- _PROBLEM REQUIREMENTS_: Once you find the line with "line L8 (-1.5, 2) -> (-1.5, 3.9)" in the data that follows, repeat it and every line after it exactly, through the line with "circle A7 centre (0, 0) radius 2.5".

(Source data)
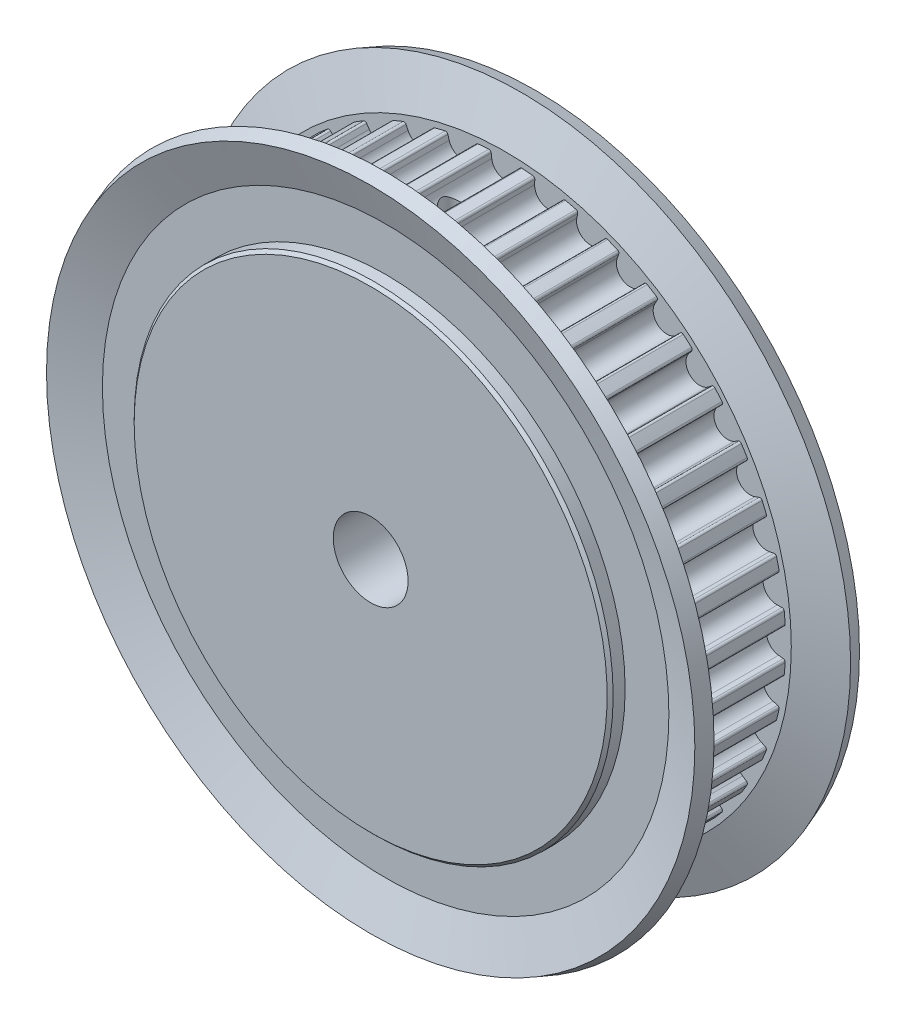
SolidWorks part; units mm, degrees
ref_plane "前视基准面" through (0, 0, 0) normal (0, 0, 1) x (1, 0, 0)
ref_plane "上视基准面" through (0, 0, 0) normal (0, 1, 0) x (1, 0, 0)
ref_plane "右视基准面" through (0, 0, 0) normal (1, 0, 0) x (0, 0, -1)
sketch "草图1" plane through (0, 0, 0) normal (1, 0, 0) x (0, 0, -1)
  line L0 (-34.7811, 0) -> (33.6192, 0) construction
  line L1 (0, 52.9736) -> (0, -62.0281) construction
  line L2 (-3.5, 18.72) -> (-3.5, 19.1)
  line L3 (-3.5, 19.1) -> (-4.5609, 22)
  line L4 (-4.5609, 22) -> (-5.5, 21.6564)
  line L5 (-5.5, 21.6564) -> (-4.5, 18.9228)
  line L6 (-4.5, 18.9228) -> (-4.5, 16)
  line L7 (-4.5, 16) -> (-5.5, 16)
  line L8 (4.5, 16) -> (5.5, 16)
  line L9 (4.5, 18.9228) -> (4.5, 16)
  line L10 (5.5, 21.6564) -> (4.5, 18.9228)
  line L11 (4.5609, 22) -> (5.5, 21.6564)
  line L12 (3.5, 19.1) -> (4.5609, 22)
  line L13 (3.5, 18.72) -> (3.5, 19.1)
  line L14 (3.5, -18.72) -> (3.5, -19.1)
  line L15 (3.5, -19.1) -> (4.5609, -22)
  line L16 (4.5609, -22) -> (5.5, -21.6564)
  line L17 (5.5, -21.6564) -> (4.5, -18.9228)
  line L18 (4.5, -18.9228) -> (4.5, -16)
  line L19 (4.5, -16) -> (5.5, -16)
  line L20 (-4.5, -16) -> (-5.5, -16)
  line L21 (-4.5, -18.9228) -> (-4.5, -16)
  line L22 (-5.5, -21.6564) -> (-4.5, -18.9228)
  line L23 (-4.5609, -22) -> (-5.5, -21.6564)
  line L24 (-3.5, -19.1) -> (-4.5609, -22)
  line L25 (-3.5, -18.72) -> (-3.5, -19.1)
  line L26 (-5.5, 16) -> (-5.5, -16)
  line L27 (5.5, 16) -> (5.5, -16)
  line L28 (-3.5, 18.72) -> (3.5, 18.72)
  line L29 (-3.5, -18.72) -> (3.5, -18.72)
  point P33 (0, 18.72)
  dimension "D1" = 2
  dimension "F" = 44
  dimension "D2" = 1
  dimension "E" = 32
  dimension "D3" = 1
  dimension "W" = 11
  dimension "D4" = 38.2
  dimension "A" = 7
  dimension "D5" = 37.44
sketch "草图2" plane through (0, 0, 0) normal (0, 0, 1) x (1, 0, 0)
  line L0 (-18.7064, 0) -> (19.5832, 0) construction
  line L1 (0, 30.5033) -> (0, -25.8377) construction
  line L2 (0, 0) -> (0, 18.72) construction
  line L3 (0.9121, 18.2469) -> (0.95, 18.5557)
  line L7 (0, 52.9736) -> (0, -62.0281) construction
  line L8 (-1.5, 2) -> (-1.5, 3.9)
  line L9 (1.5, 2) -> (1.5, 3.9)
  line L10 (-1.5, 3.9) -> (1.5, 3.9)
  line L11 (-0.9121, 18.2469) -> (-0.95, 18.5557)
  circle A0 centre (0, 0) radius 18.72
  circle A1 centre (0, 0) radius 19.1 construction
  circle A6 centre (0, 0) radius 2.5
  circle A7 centre (0, 0) radius 2.5
  arc A11 (-0.9121, 18.2469) -> (0.9121, 18.2469) centre (0, 18.3589) ccw
  arc A12 (-0.95, 18.5557) -> (-1.1078, 18.6872) centre (-1.0989, 18.5375) ccw
  arc A13 (0.95, 18.5557) -> (1.1078, 18.6872) centre (1.0989, 18.5375) cw
  point P7 (0, 19.1)
  point P8 (0, 18.72)
  point P13 (18.72, 0)
  dimension "PD" = 38.2
  dimension "OD" = 37.44
  dimension "H" = 5
  dimension "N" = 5
  dimension "D3" = 0.3
  dimension "D4" = 1.28
  dimension "D5" = 1.9
  dimension "D1" = 7
  dimension "b" = 3
  dimension "t" = 1.4
sketch "草图3" plane through (0, 0, 0) normal (1, 0, 0) x (0, 0, -1)
  line L0 (-5.5, 16) -> (-5.5, -16) construction
  line L1 (5.5, 16) -> (5.5, -16) construction
  line L2 (5.5, 21.6564) -> (4.5, 18.9228) construction
  line L3 (4.5, 16) -> (5.5, 16) construction
  line L4 (4.5, 18.9228) -> (4.5, 16) construction
  line L5 (-4.5, 18.9228) -> (-4.5, 16) construction
  line L6 (-5.5, 16) -> (-5.5, 0)
  line L7 (5.5, 16) -> (5.5, 0)
  line L8 (4.5609, 22) -> (5.5, 21.6564) construction
  line L9 (4.5, 16) -> (5.5, 16)
  line L10 (4.5, 18.9228) -> (4.5, 16)
  line L11 (-4.5, 18.9228) -> (-4.5, 16)
  line L12 (3.5, 19.1) -> (4.5609, 22) construction
  line L13 (3.5, 18.72) -> (3.5, 19.1) construction
  line L14 (-3.5, 18.72) -> (3.5, 18.72) construction
  line L15 (-3.5, 18.72) -> (-3.5, 19.1) construction
  line L16 (-3.5, 19.1) -> (-4.5609, 22) construction
  line L17 (-4.5609, 22) -> (-5.5, 21.6564) construction
  line L18 (-5.5, 21.6564) -> (-4.5, 18.9228) construction
  line L19 (5.5, 21.6564) -> (4.5, 18.9228)
  line L20 (4.5609, 22) -> (5.5, 21.6564)
  line L21 (3.5, 19.1) -> (4.5609, 22)
  line L22 (3.5, 18.72) -> (3.5, 19.1)
  line L23 (-3.5, 18.72) -> (3.5, 18.72)
  line L24 (-3.5, 18.72) -> (-3.5, 19.1)
  line L25 (-3.5, 19.1) -> (-4.5609, 22)
  line L26 (-4.5609, 22) -> (-5.5, 21.6564)
  line L27 (-5.5, 21.6564) -> (-4.5, 18.9228)
  line L28 (-34.7811, 0) -> (33.6192, 0) construction
  line L29 (-34.7811, 0) -> (33.6192, 0) construction
  line L30 (-5.5, 0) -> (5.5, 0)
  line L31 (-4.5, 16) -> (-5.5, 16) construction
  line L32 (-4.5, 16) -> (-5.5, 16)
revolve "旋转1" add sketch "草图3" angle 360 about L29
sketch "草图4" plane through (0, 0, 0) normal (0, 0, 1) x (1, 0, 0)
  line L3 (-0.9121, 18.2469) -> (-0.95, 18.5557) construction
  line L4 (0.9121, 18.2469) -> (0.95, 18.5557) construction
  line L5 (-0.9121, 18.2469) -> (-0.95, 18.5557)
  line L6 (0.9121, 18.2469) -> (0.95, 18.5557)
  arc A5 (-0.95, 18.5557) -> (-1.1078, 18.6872) centre (-1.0989, 18.5375) ccw construction
  arc A6 (-0.9121, 18.2469) -> (0.9121, 18.2469) centre (0, 18.3589) ccw construction
  circle A7 centre (0, 0) radius 18.72 construction
  arc A8 (1.1078, 18.6872) -> (0.95, 18.5557) centre (1.0989, 18.5375) ccw construction
  arc A9 (-0.95, 18.5557) -> (-1.1078, 18.6872) centre (-1.0989, 18.5375) ccw
  arc A10 (-0.9121, 18.2469) -> (0.9121, 18.2469) centre (0, 18.3589) ccw
  arc A11 (1.1078, 18.6872) -> (-1.1078, 18.6872) centre (0, 0) ccw
  arc A12 (1.1078, 18.6872) -> (0.95, 18.5557) centre (1.0989, 18.5375) ccw
extrude "切除-拉伸1" cut sketch "草图4" along normal up to vertex (3.5 mm away) from vertex up to point (0, 18.72, 3.5) starting at point (0, 18.72, -3.5)
pattern_circular "阵列(圆周)1" count 40 over 360 about axis through (0, 0, 34.7811) along (0, 0, 1) of "切除-拉伸1"
sketch "草图5" plane through (0, 0, 0) normal (0, 0, 1) x (1, 0, 0)
  circle A0 centre (0, 0) radius 2.5 construction
  circle A1 centre (0, 0) radius 2.5
extrude "H" [suppressed] cut sketch "草图5" along normal up to vertex from vertex up to point (0, 16, 5.5) starting at point (0, 16, -5.5)
sketch "草图6" plane through (0, 0, 0) normal (0, 0, 1) x (1, 0, 0)
  line L0 (-1.5, 3.9) -> (1.5, 3.9) construction
  line L1 (1.5, 2) -> (1.5, 3.9) construction
  line L2 (-1.5, 2) -> (-1.5, 3.9) construction
  line L3 (-1.5, 3.9) -> (1.5, 3.9)
  line L4 (1.5, 2) -> (1.5, 3.9)
  line L5 (-1.5, 2) -> (-1.5, 3.9)
  circle A0 centre (0, 0) radius 2.5 construction
  arc A1 (-1.5, 2) -> (1.5, 2) centre (0, 0) ccw
extrude "N" cut sketch "草图6" along normal up to vertex (5.5 mm away) from vertex up to point (0, 16, 5.5) starting at point (0, 16, -5.5)
sketch "草图8" plane through (0, 0, 0) normal (0, 0, 1) x (1, 0, 0)
  line L0 (-1.5, 2) -> (-1.5, 3.9) construction
  line L1 (-1.5, 3.9) -> (1.5, 3.9) construction
  line L2 (1.5, 2) -> (1.5, 3.9) construction
  line L3 (-1.5, 2) -> (-1.5, 3.9)
  line L4 (-1.5, 3.9) -> (1.5, 3.9)
  line L5 (1.5, 2) -> (1.5, 3.9)
  circle A0 centre (0, 0) radius 2.5 construction
  arc A1 (1.5, 2) -> (-1.5, 2) centre (0, 0) ccw
extrude "P" add sketch "草图8" along normal up to vertex from vertex up to point (0, 16, 5.5) starting at point (0, 16, -5.5)
sketch "草图7" plane through (0, 0, 0) normal (0, 1, 0) x (1, 0, 0)
  circle A0 centre (0, 0) radius 0.75
  dimension "M" = 1.5
extrude "螺纹孔1" cut sketch "草图7" along normal up to vertex up to point (0, 18.72, 0)
cosmetic thread "装饰螺纹线1" parameters "D2"=1.6
pattern_circular "螺纹孔2" count 2 every 120 about axis through (0, 0, 34.7811) along (0, 0, 1) of "螺纹孔1" reverse direction yes
chamfer "倒角1" distance 0.2 angle 45 2 edges at (16, 0, -5.5) (16, 0, 5.5)

- _SOLUTION TO THIS PROBLEM_:
  line L8 (-1.5, 2) -> (-1.5, 3.9)
  line L9 (1.5, 2) -> (1.5, 3.9)
  line L10 (-1.5, 3.9) -> (1.5, 3.9)
  line L11 (-0.9121, 18.2469) -> (-0.95, 18.5557)
  circle A0 centre (0, 0) radius 18.72
  circle A1 centre (0, 0) radius 19.1 construction
  circle A6 centre (0, 0) radius 2.5
  circle A7 centre (0, 0) radius 2.5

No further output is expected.